After removing quarterback hits from the model Drew Brees still holds the top two positions and even sees an increase in CPOE for both seasons. We also see Deshaun Watson and Aaron Rodgers' 2020 seasons move them into the top 5. We see some other big moves such as Dak Prescott's 2023 campaign catapulting him from #16 to #9. This suggests that players like Brees, Watson, Rodgers, and Prescott are significantly more accurate when they are not pressured. It's worth noting that defensive linemen and linebackers are the most common defenders who rush the quarterback (defenders who are typically enormous human beings).
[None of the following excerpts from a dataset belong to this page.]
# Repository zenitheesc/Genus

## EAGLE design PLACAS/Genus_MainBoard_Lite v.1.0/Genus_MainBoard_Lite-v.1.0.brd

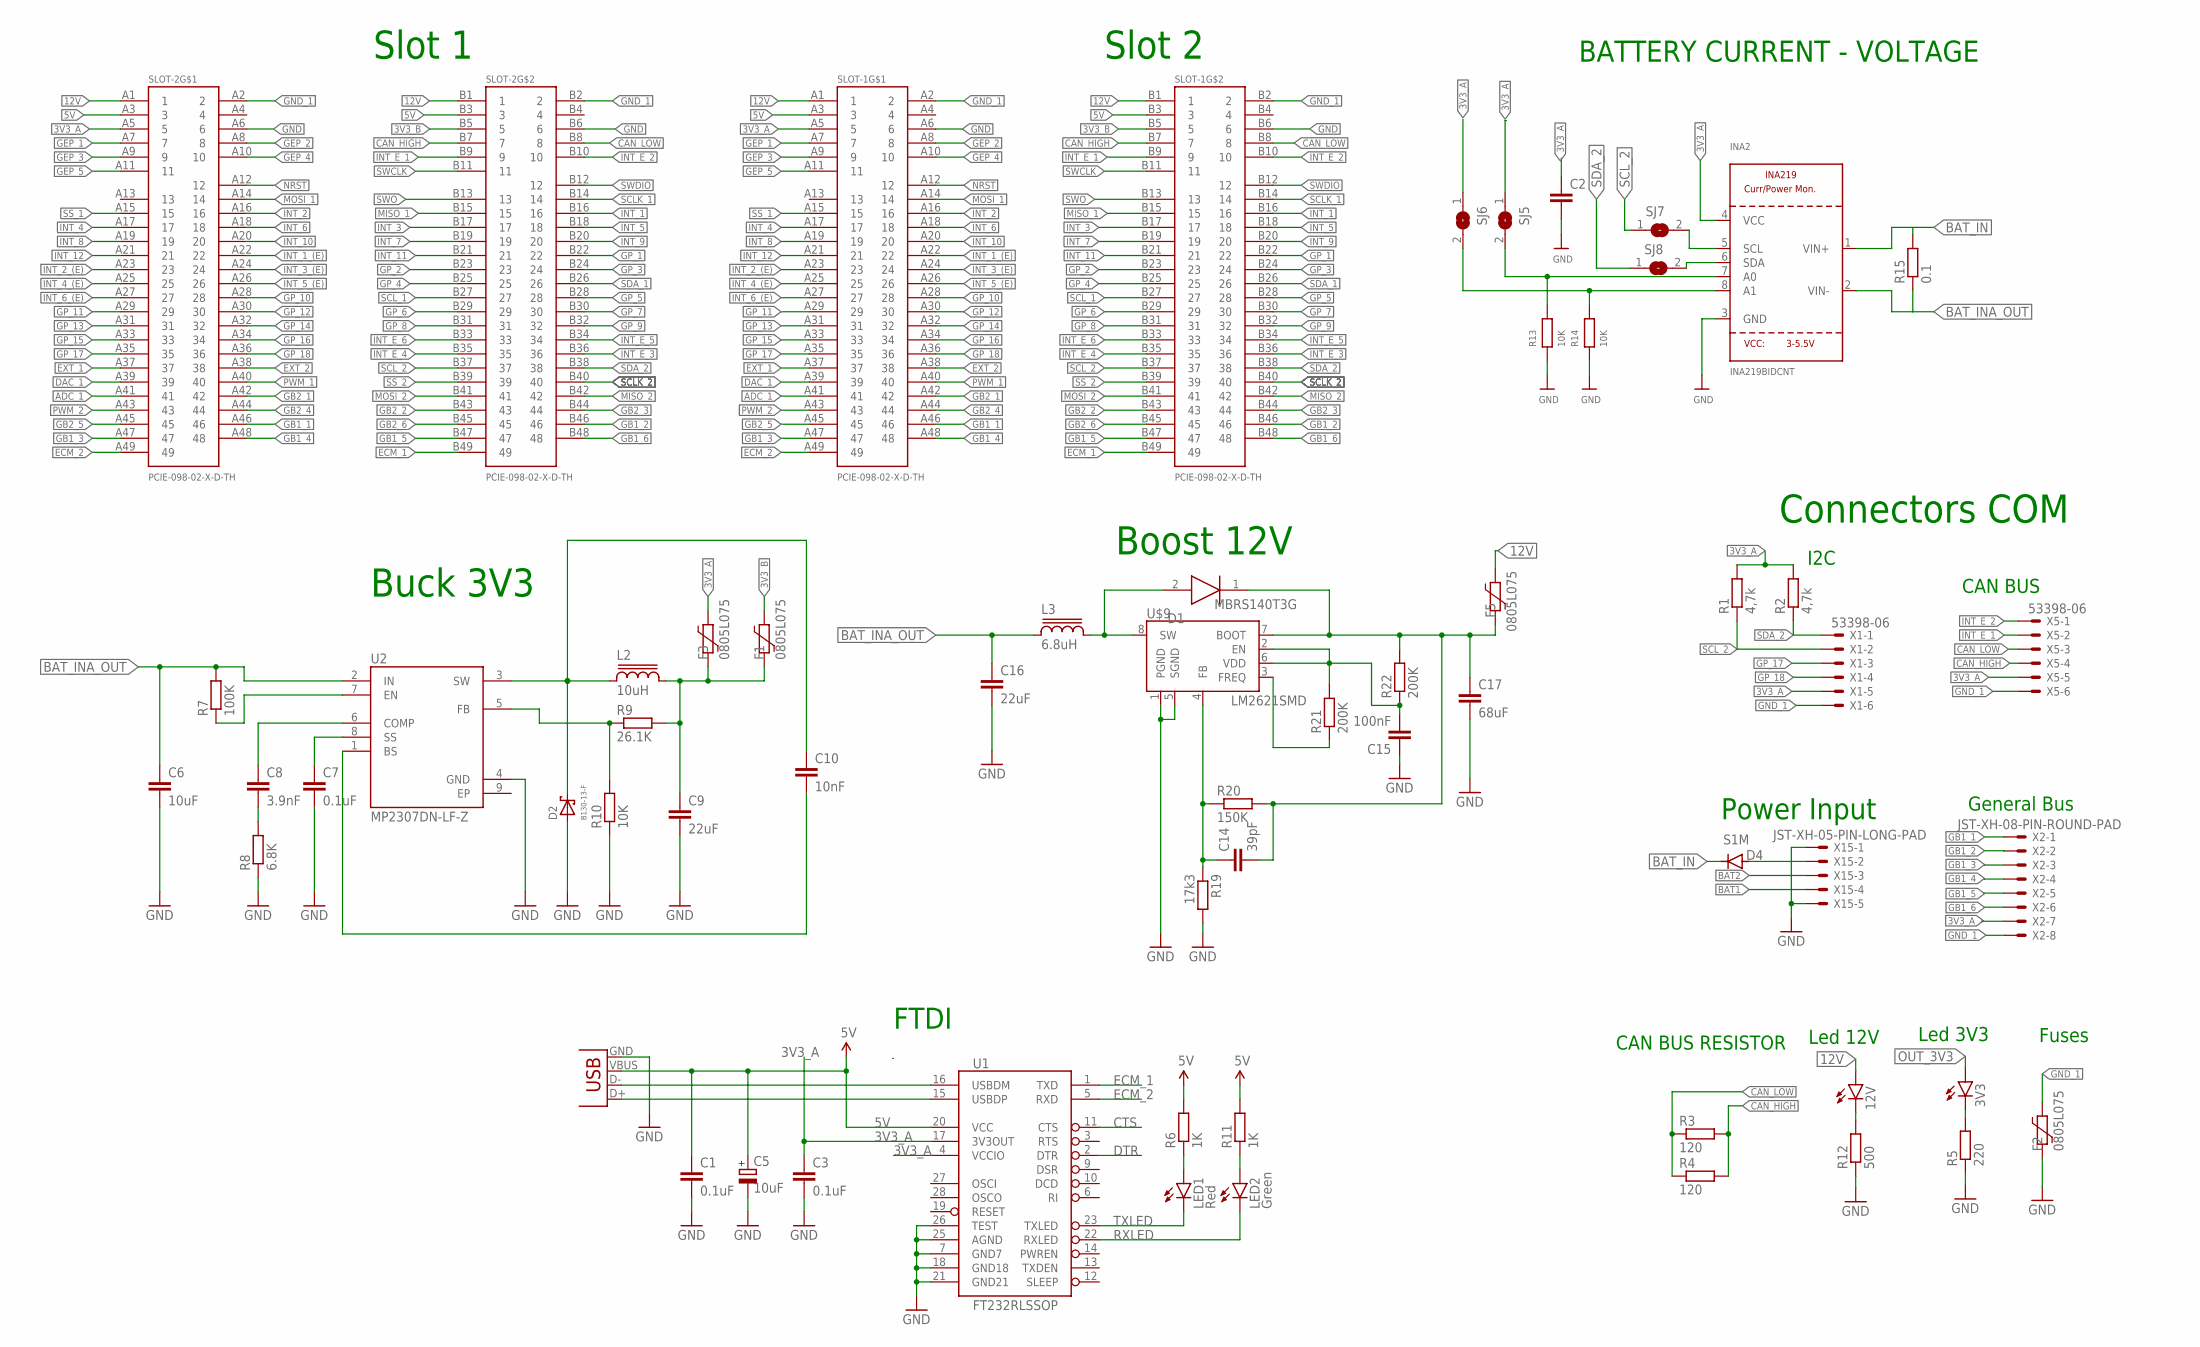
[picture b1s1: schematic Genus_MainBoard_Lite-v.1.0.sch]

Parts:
3V3, 12V: LEDCHIP-LED0805; CHIP-LED0805
C1, C3, C7: 0.1uF; C0805
C2: C-EUC0805; C0805
C5: 10uF; PANASONIC_B
C6: 10uF; C0805
C8: 3.9nF; C0805
C9: 22uF; C0805
C10: 10nF; C0805
C14: 39pF; C0805
C15: 100nF; C0805
C16: 22uF; C1210
C17: 68uF; C1210
D1: MBRS140T3G; DIOM5436X247N
D2: B130-13-F; SMA
D4: S1M; SMA
F1, F2, F3, F5: 0805L075; 0805L
INA2: INA219BIDCNT; SOT23-8
L2: 10uH; SRR1280
L3: 6.8uH; SRR1280
LED1: Red; CHIPLED_0805
LED2: Green; CHIPLED_0805
R1, R2: 4,7k; R0805
R3, R4: 120; R0805
R5: 220; R0805
R6, R11: 1K; R0805
R7: 100K; R0805
R8: 6.8K; R0805
R9: 26.1K; R0805
R10, R13, R14: 10K; R0805
R12: 500; R0805
R15: 0.1; R2512
R19: 17k3; R0805
R20: 150K; R0805
R21, R22: 200K; R0805
SJ5, SJ6, SJ7, SJ8: SOLDERJUMPERREFLOW_NOPASTE; SOLDERJUMPER_REFLOW_NOPASTE
SLOT-1, SLOT-2: PCIE-098-02-X-D-TH
U1: FT232RLSSOP; SSOP28DB
U2: MP2307DN-LF-Z; SOIC127P600X170-9N
U$9: LM2621SMD; MSOP-8
X1, X5: 53398-06
X2: JST-XH-08-PIN-ROUND-PAD; JST-XH-08-PACKAGE-ROUND-PAD
X3: USB-SMD-NS; USB-MINIB-NOSTOP
X15: JST-XH-05-PIN-LONG-PAD; JST-XH-05-PACKAGE-LONG-PAD

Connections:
3V3_A: C2.1, C3.1, F3.1, INA2.4 (VCC), R1.2, R2.2, SJ5.1, SJ6.1, SLOT-1.A5 (5), SLOT-2.A5 (5), U1.4 (VCCIO), U1.17 (3V3OUT), X1.5, X2.7, X5.5
3V3_B: F1.1, SLOT-1.B5 (5), SLOT-2.B5 (5)
5V: C1.1, C5.+, R6.2, R11.2, SLOT-1.A3 (3), SLOT-1.B3 (3), SLOT-2.A3 (3), SLOT-2.B3 (3), U1.20 (VCC), X3.VBUS
12V: 12V.A, F5.1, SLOT-1.A1 (1), SLOT-1.B1 (1), SLOT-2.A1 (1), SLOT-2.B1 (1)
ADC_1: SLOT-1.A41 (41), SLOT-2.A41 (41)
BAT1: X15.4
BAT2: X15.3
BAT_IN: D4.C, INA2.1 (VIN+), R15.2
BAT_INA_OUT: C6.1, C16.1, INA2.2 (VIN-), L3.1, R7.2, R15.1, U2.2 (IN)
CAN_HIGH: R3.2, R4.2, SLOT-1.B7 (7), SLOT-2.B7 (7), X5.4
CAN_LOW: R3.1, R4.1, SLOT-1.B8 (8), SLOT-2.B8 (8), X5.3
CTS: U1.11 (CTS)
DAC_1: SLOT-1.A39 (39), SLOT-2.A39 (39)
DTR: U1.2 (DTR)
ECM_1: SLOT-1.B49 (49), SLOT-2.B49 (49), U1.1 (TXD)
ECM_2: SLOT-1.A49 (49), SLOT-2.A49 (49), U1.5 (RXD)
EP: U2.9 (EP)
EXT_1: SLOT-1.A37 (37), SLOT-2.A37 (37)
EXT_2: SLOT-1.A38 (38), SLOT-2.A38 (38)
GB1_1: SLOT-1.A46 (46), SLOT-2.A46 (46), X2.1
GB1_2: SLOT-1.B46 (46), SLOT-2.B46 (46), X2.2
GB1_3: SLOT-1.A47 (47), SLOT-2.A47 (47), X2.3
GB1_4: SLOT-1.A48 (48), SLOT-2.A48 (48), X2.4
GB1_5: SLOT-1.B47 (47), SLOT-2.B47 (47), X2.5
GB1_6: SLOT-1.B48 (48), SLOT-2.B48 (48), X2.6
GB2_1: SLOT-1.A42 (42), SLOT-2.A42 (42)
GB2_2: SLOT-1.B43 (43), SLOT-2.B43 (43)
GB2_3: SLOT-1.B44 (44), SLOT-2.B44 (44)
GB2_4: SLOT-1.A44 (44), SLOT-2.A44 (44)
GB2_5: SLOT-1.A45 (45), SLOT-2.A45 (45)
GB2_6: SLOT-1.B45 (45), SLOT-2.B45 (45)
GEP_1: SLOT-1.A7 (7), SLOT-2.A7 (7)
GEP_2: SLOT-1.A8 (8), SLOT-2.A8 (8)
GEP_3: SLOT-1.A9 (9), SLOT-2.A9 (9)
GEP_4: SLOT-1.A10 (10), SLOT-2.A10 (10)
GEP_5: SLOT-1.A11 (11), SLOT-2.A11 (11)
GND: C1.2, C2.2, C3.2, C5.-, C6.2, C7.2, C9.2, C15.1, C16.2, C17.2, D2.A, F2.2, INA2.3 (GND), R5.1, R8.1, R10.1, R12.1, R13.1, R14.1, R19.2, SLOT-1.A6 (6), SLOT-1.B6 (6), SLOT-2.A6 (6), SLOT-2.B6 (6), U1.7 (GND7), U1.18 (GND18), U1.21 (GND21), U1.25 (AGND), U1.26 (TEST), U2.4 (GND), U$9.1 (PGND), U$9.5 (SGND), X3.GND, X15.1, X15.5
GND_1: F2.1, SLOT-1.A2 (2), SLOT-1.B2 (2), SLOT-2.A2 (2), SLOT-2.B2 (2), X1.6, X2.8, X5.6
GP_1: SLOT-1.B22 (22), SLOT-2.B22 (22)
GP_2: SLOT-1.B23 (23), SLOT-2.B23 (23)
GP_3: SLOT-1.B24 (24), SLOT-2.B24 (24)
GP_4: SLOT-1.B25 (25), SLOT-2.B25 (25)
GP_5: SLOT-1.B28 (28), SLOT-2.B28 (28)
GP_6: SLOT-1.B29 (29), SLOT-2.B29 (29)
GP_7: SLOT-1.B30 (30), SLOT-2.B30 (30)
GP_8: SLOT-1.B31 (31), SLOT-2.B31 (31)
GP_9: SLOT-1.B32 (32), SLOT-2.B32 (32)
GP_10: SLOT-1.A28 (28), SLOT-2.A28 (28)
GP_11: SLOT-1.A29 (29), SLOT-2.A29 (29)
GP_12: SLOT-1.A30 (30), SLOT-2.A30 (30)
GP_13: SLOT-1.A31 (31), SLOT-2.A31 (31)
GP_14: SLOT-1.A32 (32), SLOT-2.A32 (32)
GP_15: SLOT-1.A33 (33), SLOT-2.A33 (33)
GP_16: SLOT-1.A34 (34), SLOT-2.A34 (34)
GP_17: SLOT-1.A35 (35), SLOT-2.A35 (35), X1.3
GP_18: SLOT-1.A36 (36), SLOT-2.A36 (36), X1.4
INT_1: SLOT-1.B16 (16), SLOT-2.B16 (16)
INT_1_(E): SLOT-1.A22 (22), SLOT-2.A22 (22)
INT_2: SLOT-1.A16 (16), SLOT-2.A16 (16)
INT_2_(E): SLOT-1.A23 (23), SLOT-2.A23 (23)
INT_3: SLOT-1.B17 (17), SLOT-2.B17 (17)
INT_3_(E): SLOT-1.A24 (24), SLOT-2.A24 (24)
INT_4: SLOT-1.A17 (17), SLOT-2.A17 (17)
INT_4_(E): SLOT-1.A25 (25), SLOT-2.A25 (25)
INT_5: SLOT-1.B18 (18), SLOT-2.B18 (18)
INT_5_(E): SLOT-1.A26 (26), SLOT-2.A26 (26)
INT_6: SLOT-1.A18 (18), SLOT-2.A18 (18)
INT_6_(E): SLOT-1.A27 (27), SLOT-2.A27 (27)
INT_7: SLOT-1.B19 (19), SLOT-2.B19 (19)
INT_8: SLOT-1.A19 (19), SLOT-2.A19 (19)
INT_9: SLOT-1.B20 (20), SLOT-2.B20 (20)
INT_10: SLOT-1.A20 (20), SLOT-2.A20 (20)
INT_11: SLOT-1.B21 (21), SLOT-2.B21 (21)
INT_12: SLOT-1.A21 (21), SLOT-2.A21 (21)
INT_E_1: SLOT-1.B9 (9), SLOT-2.B9 (9), X5.2
INT_E_2: SLOT-1.B10 (10), SLOT-2.B10 (10), X5.1
INT_E_3: SLOT-1.B36 (36), SLOT-2.B36 (36)
INT_E_4: SLOT-1.B35 (35), SLOT-2.B35 (35)
INT_E_5: SLOT-1.B34 (34), SLOT-2.B34 (34)
INT_E_6: SLOT-1.B33 (33), SLOT-2.B33 (33)
MISO_1: SLOT-1.B15 (15), SLOT-2.B15 (15)
MISO_2: SLOT-1.B42 (42), SLOT-2.B42 (42)
MOSI_1: SLOT-1.A14 (14), SLOT-2.A14 (14)
MOSI_2: SLOT-1.B41 (41), SLOT-2.B41 (41)
unnamed: LED1.A, R6.1
unnamed: LED2.A, R11.1
unnamed: 12V.C, R12.2
unnamed: INA2.8 (A1), R14.2, SJ6.2
unnamed: D4.A, X15.2
unnamed: INA2.7 (A0), R13.2, SJ5.2
unnamed: R7.1, U2.7 (EN)
unnamed: C8.2, R8.2
unnamed: C7.1, U2.8 (SS)
unnamed: C8.1, U2.6 (COMP)
unnamed: C10.1, D2.C, L2.1, U2.3 (SW)
unnamed: R9.1, R10.2, U2.5 (FB)
unnamed: C10.2, U2.1 (BS)
unnamed: INA2.5 (SCL), SJ7.2
unnamed: INA2.6 (SDA), SJ8.2
unnamed: C14.1, R19.1, R20.1, U$9.4 (FB)
unnamed: D1.2 (A), L3.2, U$9.8 (SW)
unnamed: C15.2, R21.2, R22.1, U$9.2 (EN), U$9.6 (VDD)
unnamed: R21.1, U$9.3 (FREQ)
unnamed: 3V3.C, R5.2
NRST: SLOT-1.A12 (12), SLOT-2.A12 (12)
OUT: C14.2, C17.1, D1.1 (K), F5.2, R20.2, R22.2, U$9.7 (BOOT)
OUT_3V3: 3V3.A, C9.1, F1.2, F3.2, L2.2, R9.2
PWM_1: SLOT-1.A40 (40), SLOT-2.A40 (40)
PWM_2: SLOT-1.A43 (43), SLOT-2.A43 (43)
RXLED: LED2.C, U1.22 (RXLED)
SCLK_1: SLOT-1.B14 (14), SLOT-2.B14 (14)
SCLK_2: SLOT-1.B40 (40), SLOT-2.B40 (40)
SCL_1: SLOT-1.B27 (27), SLOT-2.B27 (27)
SCL_2: R1.1, SJ7.1, SLOT-1.B37 (37), SLOT-2.B37 (37), X1.2
SDA_1: SLOT-1.B26 (26), SLOT-2.B26 (26)
SDA_2: R2.1, SJ8.1, SLOT-1.B38 (38), SLOT-2.B38 (38), X1.1
SS_1: SLOT-1.A15 (15), SLOT-2.A15 (15)
SS_2: SLOT-1.B39 (39), SLOT-2.B39 (39)
SWCLK: SLOT-1.B11 (11), SLOT-2.B11 (11)
SWDIO: SLOT-1.B12 (12), SLOT-2.B12 (12)
SWO: SLOT-1.B13 (13), SLOT-2.B13 (13)
TXLED: LED1.C, U1.23 (TXLED)
USB_D+: U1.15 (USBDP), X3.D+
USB_D-: U1.16 (USBDM), X3.D-

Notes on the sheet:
Slot 1
Slot 2
CAN BUS
I2C
Power Input
Buck 3V3
Connectors COM
CAN BUS RESISTOR
Led 3V3
BATTERY CURRENT - VOLTAGE
Fuses
General Bus
FTDI
Boost 12V
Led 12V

This may give us some signal as to why Brees, an undersized quarterback, was more accurate with qb hits removed. Interestingly enough, some players like Matt Ryan (2016 & 2018) actually saw their CPOE decrease when quarterback hits were removed. This suggests that some quarterbacks might have a better ability to "hang in the pocket" under duress whereas other, more mobile quarterbacks (like Rodgers and Watson), are more prone to trying to make plays on the run when under pressure - resulting in attempting higher level of difficulty passes more often. Overall, it seems that the inclusion or exclusion of quarterback hits in the CPOE metric largely points to the fact that this is something that depends a lot on the quarterback himself and his particular style of play, mobility, and/or size.
season passer_id passer n cpoe compl exp_completion
<int> <chr> <chr> <int> <dbl> <dbl> <dbl>
1 2018 00-0020531 D.Brees 566 0.0934 0.739 0.645
2 2019 00-0020531 D.Brees 406 0.0931 0.756 0.663
3 2020 00-0033357 T.Hill 121 0.0788 0.727 0.648
4 2020 00-0033537 D.Watson 542 0.0738 0.705 0.631
5 2020 00-0023459 A.Rodgers 607 0.0693 0.705 0.636
6 2019 00-0029701 R.Tanneh… 343 0.0675 0.691 0.623
7 2016 00-0026143 M.Ryan 631 0.0675 0.702 0.635
8 2017 00-0020531 D.Brees 606 0.0612 0.716 0.655
9 2023 00-0033077 D.Presco… 650 0.0580 0.694 0.636
10 2016 00-0020531 D.Brees 661 0.0580 0.711 0.653
11 2021 00-0023459 A.Rodgers 556 0.0576 0.694 0.637
12 2016 00-0027854 S.Bradfo… 551 0.0570 0.717 0.660
13 2017 00-0031345 J.Garopp… 176 0.0566 0.682 0.625
14 2023 00-0037834 B.Purdy 441 0.0563 0.698 0.642
15 2018 00-0026143 M.Ryan 607 0.0556 0.695 0.640
16 2021 00-0036442 J.Burrow 659 0.0552 0.703 0.647
17 2018 00-0032950 C.Wentz 399 0.0547 0.699 0.645
18 2023 00-0033319 N.Mullens 147 0.0539 0.680 0.626
19 2023 00-0029604 K.Cousins 309 0.0537 0.699 0.645
20 2018 00-0029604 K.Cousins 603 0.0522 0.705 0.653Top 20 quarterbacks by CPOE with quarterback hits removed from the model
- What other features could be added to the logistic regression? How does it affect the stability results in this chapter?
My first inclination was to add additional passing features to the regression such as quarterback scrambles in lieu of quarterback hits. However, swapping these features resulted in a lower stability of the metric. Including both qb scrambles and qb hits saw a very, very slight increase in stability to the metric. Generally speaking, it seems qb scrambles do not add much to the stability of the results. Next, I thought about how weather conditions can impact quarterback play so I added wind and temperature to the model. This resulted in a lower completion percentage and CPOE but the stability results were interesting. With the below features selected (variables inside the line starting with glm):
complete_more <- pbp_pass_no_miss %>%
glm(formula = complete_pass ~ down * ydstogo + yardline_100 + air_yards + pass_location + wind + temp + qb_hit,
family = "binomial")adding weather conditions resulted in an increase of 0.048 in stability from completion percentage to CPOE - that's almost a 5% increase!